I must be getting old. How can I have a daughter who is old enough to babysit? Isn’t twelve too young? How old was I when I first babysat? Oh, geez, I was twelve!
Her dad and I need to figure this out. If we let her, she’d be watching a five year old and a four year old this Saturday from 2:30 to 5:30. That’s not a big deal, right? She gets along great with those kids. They seem to listen to her. She’s quite the little taskmaster, actually. I’ve heard how she barks orders at them when they are playing house in the neighbors’ back yard. Honestly, she sounds like me. She’s more responsible than I was at her age.
She really wouldn’t be on her own. I’ll be at my sister’s baby shower but her dad will be here right next door. If anything serious happened, he’d be there. He can keep an eye and ear out for her. That makes me feel better. She’ll have supervision.
It can be a struggle for parents to know how much supervision their children need. Anxious, obsessive parents rarely let their children out of their sight. As well intentioned as this parenting strategy is (i.e., it is usually an attempt to keep children safe), obsessive parenting will not protect a child from sickness and injury and evidence suggests that providing too much supervision and setting overly strict rules may contribute to the development of major mental health issues in adulthood such as obsessive compulsive disorder (Timpano et al., 2010). The other end of the parenting extreme is also problematic. When children have overly permissive parents who don’t model healthy behaviors or provide sufficient supervision, they are more likely to pick up bad habits like smoking and abusing alcohol and they also struggle more in their relationships (e.g., listen to this Freakonomics podcast for an overview of the influence parents have on their children).
When I work with parents, I remind them that the reward for good parenting is that their children will leave them. Of course, I am not telling them that if they do a good job their children won’t want to talk with them, will no longer love them, or will refuse to come visit on weekends and holidays. I am saying something else entirely. Good parenting teaches children how to live a life of their own, one that does not require regular parental supervision. When children become well-adjusted adults, they usually have loving relationships with their parents and deeply value the time they spend with them. Yes, a typical result of good parenting is that children eventually leave the home; good parents, in addition to feeling some sadness when their children leave, find the experience to be strangely fulfilling. More often than not, they discover that they remain an important part of their children’s lives.

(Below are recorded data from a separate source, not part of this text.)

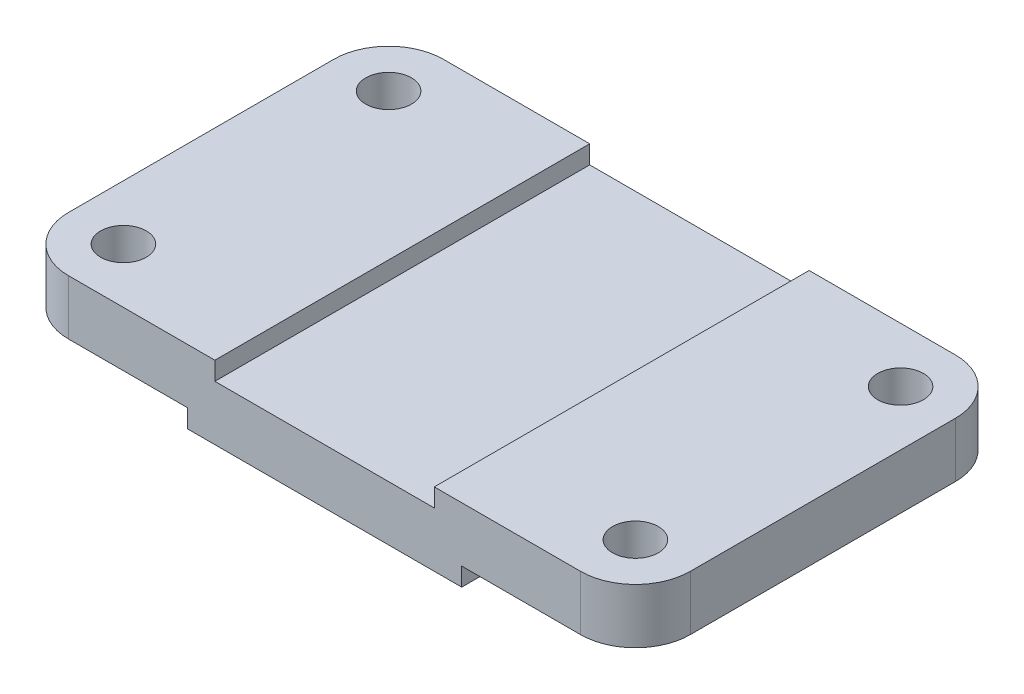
ISO-10303-21;
HEADER;
FILE_DESCRIPTION(('STEP AP214'),'2;1');
FILE_NAME('part.step','',(''),(''),'','','');
FILE_SCHEMA(('AUTOMOTIVE_DESIGN { 1 0 10303 214 1 1 1 1 }'));
ENDSEC;
DATA;
#1=APPLICATION_CONTEXT('core data for automotive mechanical design processes');
#2=APPLICATION_PROTOCOL_DEFINITION('international standard','automotive_design',2000,#1);
#3=PRODUCT_CONTEXT('',#1,'mechanical');
#4=PRODUCT('Part','Part','',(#3));
#5=PRODUCT_RELATED_PRODUCT_CATEGORY('part','',(#4));
#6=PRODUCT_DEFINITION_FORMATION('','',#4);
#7=PRODUCT_DEFINITION_CONTEXT('part definition',#1,'design');
#8=PRODUCT_DEFINITION('design','',#6,#7);
#9=PRODUCT_DEFINITION_SHAPE('','',#8);
#10=(LENGTH_UNIT() NAMED_UNIT(*) SI_UNIT(.MILLI.,.METRE.));
#11=(NAMED_UNIT(*) PLANE_ANGLE_UNIT() SI_UNIT($,.RADIAN.));
#12=(NAMED_UNIT(*) SI_UNIT($,.STERADIAN.) SOLID_ANGLE_UNIT());
#13=UNCERTAINTY_MEASURE_WITH_UNIT(LENGTH_MEASURE(1.E-05),#10,'distance_accuracy_value','');
#14=(GEOMETRIC_REPRESENTATION_CONTEXT(3) GLOBAL_UNCERTAINTY_ASSIGNED_CONTEXT((#13)) GLOBAL_UNIT_ASSIGNED_CONTEXT((#10,
#11,#12)) REPRESENTATION_CONTEXT('',''));
#15=CARTESIAN_POINT('',(0.,0.,0.));
#16=DIRECTION('',(0.,0.,1.));
#17=DIRECTION('',(1.,0.,0.));
#18=AXIS2_PLACEMENT_3D('',#15,#16,#17);
#19=CARTESIAN_POINT('',(30.,0.,41.));
#20=DIRECTION('',(-1.,0.,0.));
#21=DIRECTION('',(0.,0.,1.));
#22=AXIS2_PLACEMENT_3D('',#19,#20,#21);
#23=PLANE('',#22);
#24=DIRECTION('',(0.,1.,0.));
#25=VECTOR('',#24,1.);
#26=CARTESIAN_POINT('',(30.,0.,-41.));
#27=LINE('',#26,#25);
#28=CARTESIAN_POINT('',(30.,0.,-41.));
#29=VERTEX_POINT('',#28);
#30=CARTESIAN_POINT('',(30.,4.,-41.));
#31=VERTEX_POINT('',#30);
#32=EDGE_CURVE('E154',#29,#31,#27,.T.);
#33=ORIENTED_EDGE('',*,*,#32,.T.);
#34=DIRECTION('',(0.,0.,-1.));
#35=VECTOR('',#34,1.);
#36=CARTESIAN_POINT('',(30.,4.,41.));
#37=LINE('',#36,#35);
#38=CARTESIAN_POINT('',(30.,4.,41.));
#39=VERTEX_POINT('',#38);
#40=EDGE_CURVE('E162',#39,#31,#37,.T.);
#41=ORIENTED_EDGE('',*,*,#40,.F.);
#42=DIRECTION('',(0.,1.,0.));
#43=VECTOR('',#42,1.);
#44=CARTESIAN_POINT('',(30.,0.,41.));
#45=LINE('',#44,#43);
#46=CARTESIAN_POINT('',(30.,0.,41.));
#47=VERTEX_POINT('',#46);
#48=EDGE_CURVE('E198',#47,#39,#45,.T.);
#49=ORIENTED_EDGE('',*,*,#48,.F.);
#50=DIRECTION('',(0.,0.,-1.));
#51=VECTOR('',#50,1.);
#52=CARTESIAN_POINT('',(30.,0.,41.));
#53=LINE('',#52,#51);
#54=EDGE_CURVE('E175',#47,#29,#53,.T.);
#55=ORIENTED_EDGE('',*,*,#54,.T.);
#56=EDGE_LOOP('',(#33,#41,#49,#55));
#57=FACE_BOUND('',#56,.T.);
#58=ADVANCED_FACE('F34',(#57),#23,.F.);
#59=CARTESIAN_POINT('',(30.,4.,41.));
#60=DIRECTION('',(0.,1.,0.));
#61=DIRECTION('',(0.,0.,1.));
#62=AXIS2_PLACEMENT_3D('',#59,#60,#61);
#63=PLANE('',#62);
#64=CARTESIAN_POINT('',(56.,4.,29.));
#65=DIRECTION('',(0.,1.,0.));
#66=DIRECTION('',(0.,0.,1.));
#67=AXIS2_PLACEMENT_3D('',#64,#65,#66);
#68=CIRCLE('',#67,5.);
#69=CARTESIAN_POINT('',(56.,4.,34.));
#70=VERTEX_POINT('',#69);
#71=EDGE_CURVE('E283',#70,#70,#68,.T.);
#72=ORIENTED_EDGE('',*,*,#71,.T.);
#73=EDGE_LOOP('',(#72));
#74=FACE_BOUND('',#73,.T.);
#75=CARTESIAN_POINT('',(56.,4.,-29.));
#76=DIRECTION('',(0.,1.,0.));
#77=DIRECTION('',(0.,0.,1.));
#78=AXIS2_PLACEMENT_3D('',#75,#76,#77);
#79=CIRCLE('',#78,5.);
#80=CARTESIAN_POINT('',(56.,4.,-24.));
#81=VERTEX_POINT('',#80);
#82=EDGE_CURVE('E176',#81,#81,#79,.T.);
#83=ORIENTED_EDGE('',*,*,#82,.T.);
#84=EDGE_LOOP('',(#83));
#85=FACE_BOUND('',#84,.T.);
#86=DIRECTION('',(0.,0.,-1.));
#87=VECTOR('',#86,1.);
#88=CARTESIAN_POINT('',(68.,4.,41.));
#89=LINE('',#88,#87);
#90=CARTESIAN_POINT('',(68.,4.,29.));
#91=VERTEX_POINT('',#90);
#92=CARTESIAN_POINT('',(68.,4.,-29.));
#93=VERTEX_POINT('',#92);
#94=EDGE_CURVE('E171',#91,#93,#89,.T.);
#95=ORIENTED_EDGE('',*,*,#94,.F.);
#96=CARTESIAN_POINT('',(56.,4.,29.));
#97=DIRECTION('',(0.,1.,0.));
#98=DIRECTION('',(0.,0.,1.));
#99=AXIS2_PLACEMENT_3D('',#96,#97,#98);
#100=CIRCLE('',#99,12.);
#101=CARTESIAN_POINT('',(56.,4.,41.));
#102=VERTEX_POINT('',#101);
#103=EDGE_CURVE('E263',#91,#102,#100,.F.);
#104=ORIENTED_EDGE('',*,*,#103,.T.);
#105=DIRECTION('',(1.,0.,0.));
#106=VECTOR('',#105,1.);
#107=CARTESIAN_POINT('',(30.,4.,41.));
#108=LINE('',#107,#106);
#109=EDGE_CURVE('E166',#39,#102,#108,.T.);
#110=ORIENTED_EDGE('',*,*,#109,.F.);
#111=ORIENTED_EDGE('',*,*,#40,.T.);
#112=DIRECTION('',(1.,0.,0.));
#113=VECTOR('',#112,1.);
#114=CARTESIAN_POINT('',(30.,4.,-41.));
#115=LINE('',#114,#113);
#116=CARTESIAN_POINT('',(56.,4.,-41.));
#117=VERTEX_POINT('',#116);
#118=EDGE_CURVE('E148',#31,#117,#115,.T.);
#119=ORIENTED_EDGE('',*,*,#118,.T.);
#120=CARTESIAN_POINT('',(56.,4.,-29.));
#121=DIRECTION('',(0.,1.,0.));
#122=DIRECTION('',(0.,0.,1.));
#123=AXIS2_PLACEMENT_3D('',#120,#121,#122);
#124=CIRCLE('',#123,12.);
#125=EDGE_CURVE('E261',#117,#93,#124,.F.);
#126=ORIENTED_EDGE('',*,*,#125,.T.);
#127=EDGE_LOOP('',(#95,#104,#110,#111,#119,#126));
#128=FACE_BOUND('',#127,.T.);
#129=ADVANCED_FACE('F164',(#74,#85,#128),#63,.F.);
#130=CARTESIAN_POINT('',(68.,4.,41.));
#131=DIRECTION('',(-1.,0.,0.));
#132=DIRECTION('',(0.,0.,1.));
#133=AXIS2_PLACEMENT_3D('',#130,#131,#132);
#134=PLANE('',#133);
#135=DIRECTION('',(0.,0.,-1.));
#136=VECTOR('',#135,1.);
#137=CARTESIAN_POINT('',(68.,16.,41.));
#138=LINE('',#137,#136);
#139=CARTESIAN_POINT('',(68.,16.,29.));
#140=VERTEX_POINT('',#139);
#141=CARTESIAN_POINT('',(68.,16.,-29.));
#142=VERTEX_POINT('',#141);
#143=EDGE_CURVE('E242',#140,#142,#138,.T.);
#144=ORIENTED_EDGE('',*,*,#143,.F.);
#145=DIRECTION('',(0.,1.,0.));
#146=VECTOR('',#145,1.);
#147=CARTESIAN_POINT('',(68.,4.,29.));
#148=LINE('',#147,#146);
#149=EDGE_CURVE('E259',#140,#91,#148,.F.);
#150=ORIENTED_EDGE('',*,*,#149,.T.);
#151=ORIENTED_EDGE('',*,*,#94,.T.);
#152=DIRECTION('',(0.,1.,0.));
#153=VECTOR('',#152,1.);
#154=CARTESIAN_POINT('',(68.,16.,-29.));
#155=LINE('',#154,#153);
#156=EDGE_CURVE('E256',#93,#142,#155,.T.);
#157=ORIENTED_EDGE('',*,*,#156,.T.);
#158=EDGE_LOOP('',(#144,#150,#151,#157));
#159=FACE_BOUND('',#158,.T.);
#160=ADVANCED_FACE('F304',(#159),#134,.F.);
#161=CARTESIAN_POINT('',(68.,16.,41.));
#162=DIRECTION('',(0.,-1.,0.));
#163=DIRECTION('',(1.,0.,0.));
#164=AXIS2_PLACEMENT_3D('',#161,#162,#163);
#165=PLANE('',#164);
#166=CARTESIAN_POINT('',(56.,16.,29.));
#167=DIRECTION('',(0.,1.,0.));
#168=DIRECTION('',(-1.,0.,0.));
#169=AXIS2_PLACEMENT_3D('',#166,#167,#168);
#170=CIRCLE('',#169,5.);
#171=CARTESIAN_POINT('',(51.,16.,29.));
#172=VERTEX_POINT('',#171);
#173=EDGE_CURVE('E278',#172,#172,#170,.T.);
#174=ORIENTED_EDGE('',*,*,#173,.F.);
#175=EDGE_LOOP('',(#174));
#176=FACE_BOUND('',#175,.T.);
#177=CARTESIAN_POINT('',(56.,16.,-29.));
#178=DIRECTION('',(0.,1.,0.));
#179=DIRECTION('',(-1.,0.,0.));
#180=AXIS2_PLACEMENT_3D('',#177,#178,#179);
#181=CIRCLE('',#180,5.);
#182=CARTESIAN_POINT('',(51.,16.,-29.));
#183=VERTEX_POINT('',#182);
#184=EDGE_CURVE('E179',#183,#183,#181,.T.);
#185=ORIENTED_EDGE('',*,*,#184,.F.);
#186=EDGE_LOOP('',(#185));
#187=FACE_BOUND('',#186,.T.);
#188=DIRECTION('',(-1.,0.,0.));
#189=VECTOR('',#188,1.);
#190=CARTESIAN_POINT('',(68.,16.,41.));
#191=LINE('',#190,#189);
#192=CARTESIAN_POINT('',(56.,16.,41.));
#193=VERTEX_POINT('',#192);
#194=CARTESIAN_POINT('',(24.,16.,41.));
#195=VERTEX_POINT('',#194);
#196=EDGE_CURVE('E201',#193,#195,#191,.T.);
#197=ORIENTED_EDGE('',*,*,#196,.F.);
#198=CARTESIAN_POINT('',(56.,16.,29.));
#199=DIRECTION('',(0.,-1.,0.));
#200=DIRECTION('',(1.,0.,0.));
#201=AXIS2_PLACEMENT_3D('',#198,#199,#200);
#202=CIRCLE('',#201,12.);
#203=EDGE_CURVE('E254',#193,#140,#202,.F.);
#204=ORIENTED_EDGE('',*,*,#203,.T.);
#205=ORIENTED_EDGE('',*,*,#143,.T.);
#206=CARTESIAN_POINT('',(56.,16.,-29.));
#207=DIRECTION('',(0.,-1.,0.));
#208=DIRECTION('',(1.,0.,0.));
#209=AXIS2_PLACEMENT_3D('',#206,#207,#208);
#210=CIRCLE('',#209,12.);
#211=CARTESIAN_POINT('',(56.,16.,-41.));
#212=VERTEX_POINT('',#211);
#213=EDGE_CURVE('E252',#142,#212,#210,.F.);
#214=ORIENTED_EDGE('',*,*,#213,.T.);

It is common for therapists-in-training to receive between two and three hours of weekly clinical supervision. It is in supervision that therapists synthesize 20-30 hours of weekly academic work with 10-20 hours of weekly clinical experience. Supervision is a place where therapists receive feedback and work with their peers and supervisor to develop treatment plans for their clients. Just as a little exercise goes a long way toward improving physical health, a relatively brief weekly supervision meeting can make a huge impact on therapists’ development and the effectiveness of their work with clients.
Good supervision experiences allow therapists to grow personally while they develop technical skills. One study of therapy trainees’ best and worst supervision experiences revealed that the best supervisors were those who welcomed creativity, were accessible and open to feedback, taught practical skills, were respectful, accepted mistakes as part of the learning experience, were direct and straightforward, and provided regular praise and encouragement. The best supervisors adopted a leadership style that was neither micromanaging nor laissez-faire. As long as they were not the emphasis of supervision, therapy trainees said they appreciated when their supervisor made them aware of their skill-deficits and called them on their resistance to the learning process. This shows that good supervision favors discussion of individual strengths without avoiding discussion of growth areas.
Supervision is Essential
A good supervisor is a teacher, encourager, and protector. All of us need supervision from time to time. Under the supervision of parents, teachers, and mentors we learn life’s most important lessons that keep us safe, broaden our minds, grant us wisdom, show us how to love, and teach us how to guide the next generation.